A spectroscopic model for the low-lying electronic states of NO

TL;DR

This paper develops a spectroscopic model for nitric oxide's low-lying electronic states, combining empirical data and ab initio calculations to accurately predict its rovibronic structure for the near ultraviolet spectrum.

Contribution

It introduces a comprehensive method integrating empirical MARVEL data and ab initio calculations to model NO's electronic states, including complex avoided crossings.

Findings

Good agreement between calculated and observed energy levels

Validated the modeling approach for open shell systems

Provided detailed line lists for NO's ultraviolet spectrum

Abstract

The rovibronic structure of A$^2\Sigma^+$, B$^2\Pi$ and C$^2\Pi$ states of nitric oxide (NO)is studied with the aim of producing comprehensive line lists for its near ultraviolet spectrum.
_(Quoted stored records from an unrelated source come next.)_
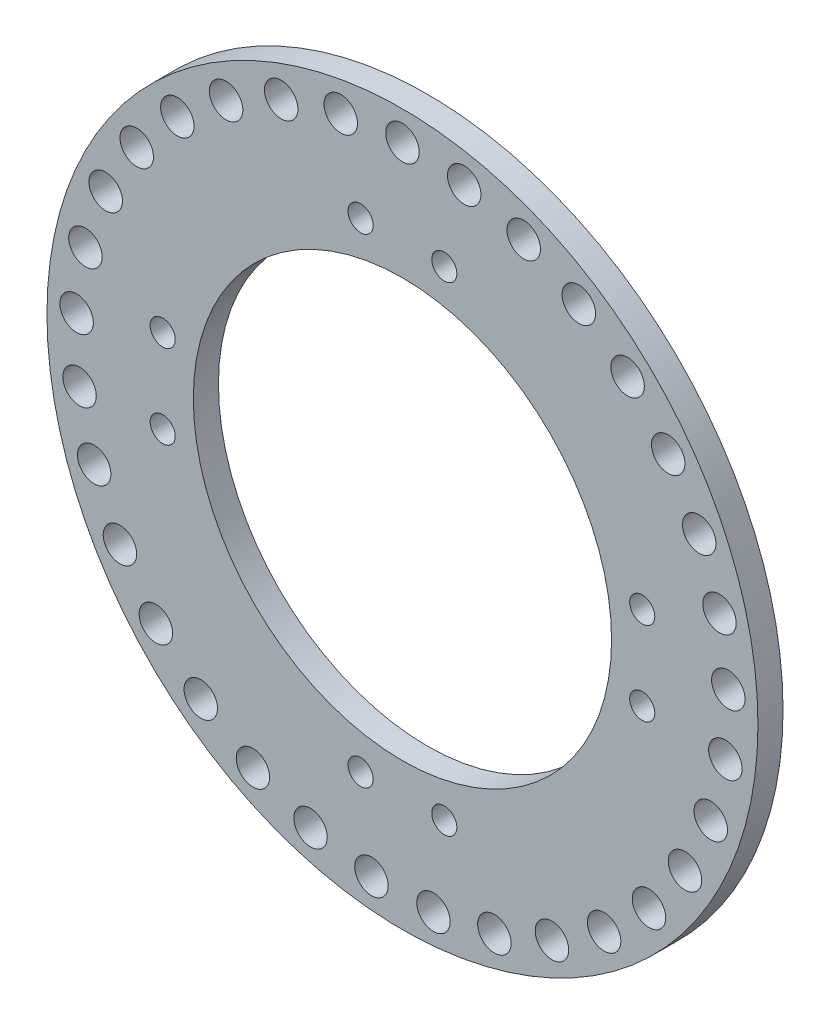
from build123d import *

# Parameters (mm, degrees)
SKETCH1_R           = 42.5
SKETCH1_R_2         = 25
SKETCH1_R_3         = 1.5
BOSS_EXTRUDE1_DEPTH = 3
SKETCH2_R           = 2
CUT_EXTRUDE1_DEPTH  = 61.178899957
CIRPATTERN1_COUNT   = 33


with BuildPart() as part:
    # Sketch1 → Boss-Extrude1 (new body)
    with BuildSketch(Plane.XY):
        Circle(SKETCH1_R)
        Circle(SKETCH1_R_2, mode=Mode.SUBTRACT)
        with Locations((-5, 28.665374196)):
            Circle(SKETCH1_R_3, mode=Mode.SUBTRACT)
        with Locations((5, 28.665374196)):
            Circle(SKETCH1_R_3, mode=Mode.SUBTRACT)
        with Locations((28.665374196, 5)):
            Circle(SKETCH1_R_3, mode=Mode.SUBTRACT)
        with Locations((28.665374196, -5)):
            Circle(SKETCH1_R_3, mode=Mode.SUBTRACT)
        with Locations((5, -28.665374196)):
            Circle(SKETCH1_R_3, mode=Mode.SUBTRACT)
        with Locations((-5, -28.665374196)):
            Circle(SKETCH1_R_3, mode=Mode.SUBTRACT)
        with Locations((-28.665374196, -5)):
            Circle(SKETCH1_R_3, mode=Mode.SUBTRACT)
        with Locations((-28.665374196, 5)):
            Circle(SKETCH1_R_3, mode=Mode.SUBTRACT)
    extrude(amount=BOSS_EXTRUDE1_DEPTH)

    # Sketch2 → Cut-Extrude1 (cut, through all)
    with BuildSketch(Plane.XY.offset(3)):
        with Locations((0, 39)):
            Circle(SKETCH2_R)
    cut_extrude1 = extrude(amount=-CUT_EXTRUDE1_DEPTH, mode=Mode.SUBTRACT)

    # CirPattern1: Cut-Extrude1 ×33 about axis
    cirpattern1_axis = Axis((0, 0, 3), (0, 0, -1))
    for i in range(1, CIRPATTERN1_COUNT):
        add(cut_extrude1.rotate(cirpattern1_axis, i * 360 / CIRPATTERN1_COUNT), mode=Mode.SUBTRACT)


solid = part.part
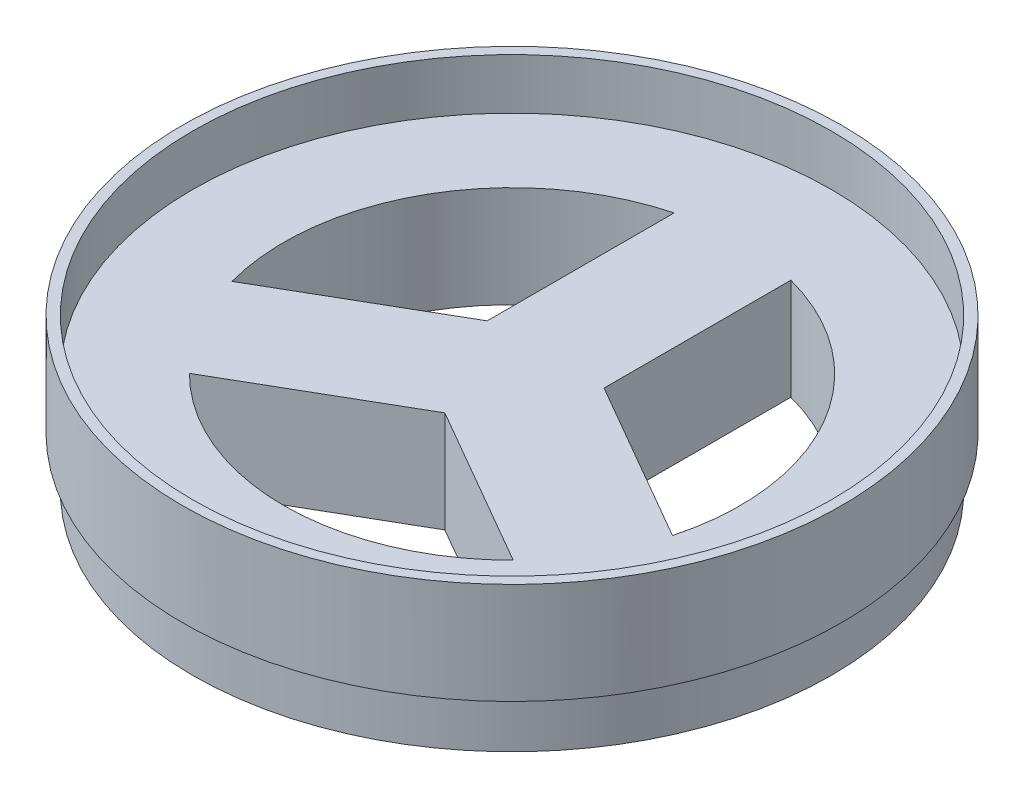
from build123d import *

# Parameters (mm, degrees)
SZKIC1_R                    = 65
DODANIE_WYCI_GNI_CIE1_DEPTH = 20
SZKIC3_R                    = 65
SZKIC3_R_2                  = 63
DODANIE_WYCI_GNI_CIE2_DEPTH = 10
SZKIC6_R                    = 65
SZKIC6_R_2                  = 63
WYTNIJ_WYCI_GNI_CIE1_DEPTH  = 10


with BuildPart() as part:
    # Szkic1 → Dodanie-wyciągnięcie1 (new body)
    with BuildSketch(Plane(origin=(0, 0, 0), x_dir=(1, 0, 0), z_dir=(0, 1, 0))):
        Circle(SZKIC1_R)
        with BuildLine():
            Line((-31.916956587, -31.722356189), (0.027776069, -13.279056191))
            Line((0.027776069, -13.279056191), (31.937203092, -31.701972473))
            ThreePointArc((31.937203092, -31.701972473), (0.014365034, -44.999997707), (-31.916956587, -31.722356189))
        make_face(mode=Mode.SUBTRACT)
        with BuildLine():
            Line((-11.513888034, 6.615473315), (-43.423315058, -11.807442967))
            ThreePointArc((-43.423315058, -11.807442967), (-38.978323702, 22.487558369), (-11.513888034, 43.502073311))
            Line((-11.513888034, 43.502073311), (-11.513888034, 6.615473315))
        make_face(mode=Mode.SUBTRACT)
        with BuildLine():
            Line((11.486111966, 6.663582877), (11.486111966, 43.50941544))
            ThreePointArc((11.486111966, 43.50941544), (38.963958668, 22.512439338), (43.430844622, -11.779717121))
            Line((43.430844622, -11.779717121), (11.486111966, 6.663582877))
        make_face(mode=Mode.SUBTRACT)
    extrude(amount=DODANIE_WYCI_GNI_CIE1_DEPTH)

    # Szkic3 → Dodanie-wyciągnięcie2 (add)
    with BuildSketch(Plane(origin=(0, 20, 0), x_dir=(1, 0, 0), z_dir=(0, 1, 0))):
        Circle(SZKIC3_R)
        Circle(SZKIC3_R_2, mode=Mode.SUBTRACT)
    extrude(amount=DODANIE_WYCI_GNI_CIE2_DEPTH)

    # Szkic6 → Wytnij-wyciągnięcie1 (cut)
    with BuildSketch(Plane.XZ):
        Circle(SZKIC6_R)
        Circle(SZKIC6_R_2, mode=Mode.SUBTRACT)
    extrude(amount=-WYTNIJ_WYCI_GNI_CIE1_DEPTH, mode=Mode.SUBTRACT)


solid = part.part
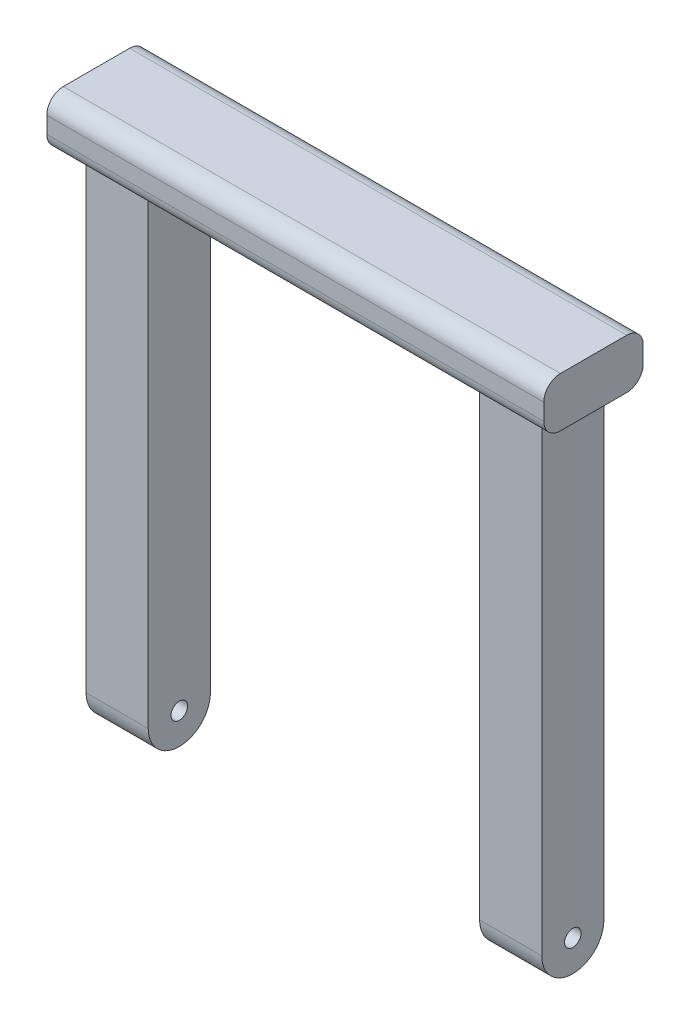
from build123d import *

# Parameters (mm, degrees)
SKETCH1_W           = 152.4
SKETCH1_H           = 30.48
BOSS_EXTRUDE1_DEPTH = 15.24
SKETCH2_W           = 19.05
SKETCH2_H           = 19.05
BOSS_EXTRUDE2_DEPTH = 152.4
SKETCH3_R           = 2.54
CUT_EXTRUDE1_DEPTH  = 214.273047758
FILLET1_R           = 9.525
FILLET2_R           = 9.525
FILLET3_R           = 9.525
FILLET4_R           = 9.525
FILLET5_R           = 5.08
FILLET6_R           = 5.08
FILLET7_R           = 5.08
FILLET8_R           = 5.08


with BuildPart() as part:
    # Sketch1 → Boss-Extrude1 (new body)
    with BuildSketch(Plane(origin=(0, 0, 0), x_dir=(1, 0, 0), z_dir=(0, 1, 0))):
        with Locations((76.2, 15.24)):
            Rectangle(SKETCH1_W, SKETCH1_H)
    extrude(amount=BOSS_EXTRUDE1_DEPTH)

    # Sketch2 → Boss-Extrude2 (add)
    with BuildSketch(Plane.XZ):
        with Locations((136.525, -15.24)):
            Rectangle(SKETCH2_W, SKETCH2_H)
        with Locations((15.875, -15.24)):
            Rectangle(SKETCH2_W, SKETCH2_H)
    extrude(amount=BOSS_EXTRUDE2_DEPTH)

    # Sketch3 → Cut-Extrude1 (cut, through all)
    with BuildSketch(Plane.ZY.offset(-6.35)):
        with Locations((-15.24, -142.875)):
            Circle(SKETCH3_R)
    extrude(amount=-CUT_EXTRUDE1_DEPTH, mode=Mode.SUBTRACT)

    # Fillet1
    fillet1_edges = [part.edges().sort_by_distance(p)[0] for p in [
        (15.875, -152.4, -5.715),
    ]]
    fillet(fillet1_edges, radius=FILLET1_R)

    # Fillet2
    fillet2_edges = [part.edges().sort_by_distance(p)[0] for p in [
        (15.875, -152.4, -24.765),
    ]]
    fillet(fillet2_edges, radius=FILLET2_R - 0.0001)  # a hair under: the kernel refuses the full size

    # Fillet3
    fillet3_edges = [part.edges().sort_by_distance(p)[0] for p in [
        (136.525, -152.4, -24.765),
    ]]
    fillet(fillet3_edges, radius=FILLET3_R)

    # Fillet4
    fillet4_edges = [part.edges().sort_by_distance(p)[0] for p in [
        (136.525, -152.4, -5.715),
    ]]
    fillet(fillet4_edges, radius=FILLET4_R - 0.0001)  # a hair under: the kernel refuses the full size

    # Fillet5
    fillet5_edges = [part.edges().sort_by_distance(p)[0] for p in [
        (76.2, 15.24, 0),
    ]]
    fillet(fillet5_edges, radius=FILLET5_R)

    # Fillet6
    fillet6_edges = [part.edges().sort_by_distance(p)[0] for p in [
        (76.2, 0, 0),
    ]]
    fillet(fillet6_edges, radius=FILLET6_R)

    # Fillet7
    fillet7_edges = [part.edges().sort_by_distance(p)[0] for p in [
        (76.2, 0, -30.48),
    ]]
    fillet(fillet7_edges, radius=FILLET7_R)

    # Fillet8
    fillet8_edges = [part.edges().sort_by_distance(p)[0] for p in [
        (76.2, 15.24, -30.48),
    ]]
    fillet(fillet8_edges, radius=FILLET8_R)


solid = part.part

Empirical energy levels for the three electronic states are determined using the a combination of the empirical MARVEL procedure and ab initio calculations, and the available experimental data are critically evaluated. Abinito methods which deal simultaneously with the Rydberg-like A$^2\Sigma^+$ and C$^2\Pi$, and the valence B$^2\Pi$ state are tested. Methods of modeling the sharp avoided crossing between the B$^2\Pi$ and C$^2\Pi$ states are tested. A rovibronic Hamiltonian matrix is constructed using variational nuclear motion program DUO whose eigenvalues are fitted to the MARVEL energy levels. The matrix also includes coupling terms obtained from the refinement of the ab initio potential energy and spin-orbit coupling curves. Calculated and observed energy levels agree well with each other, validating the applicability of our method and providing a useful model for this open shell system.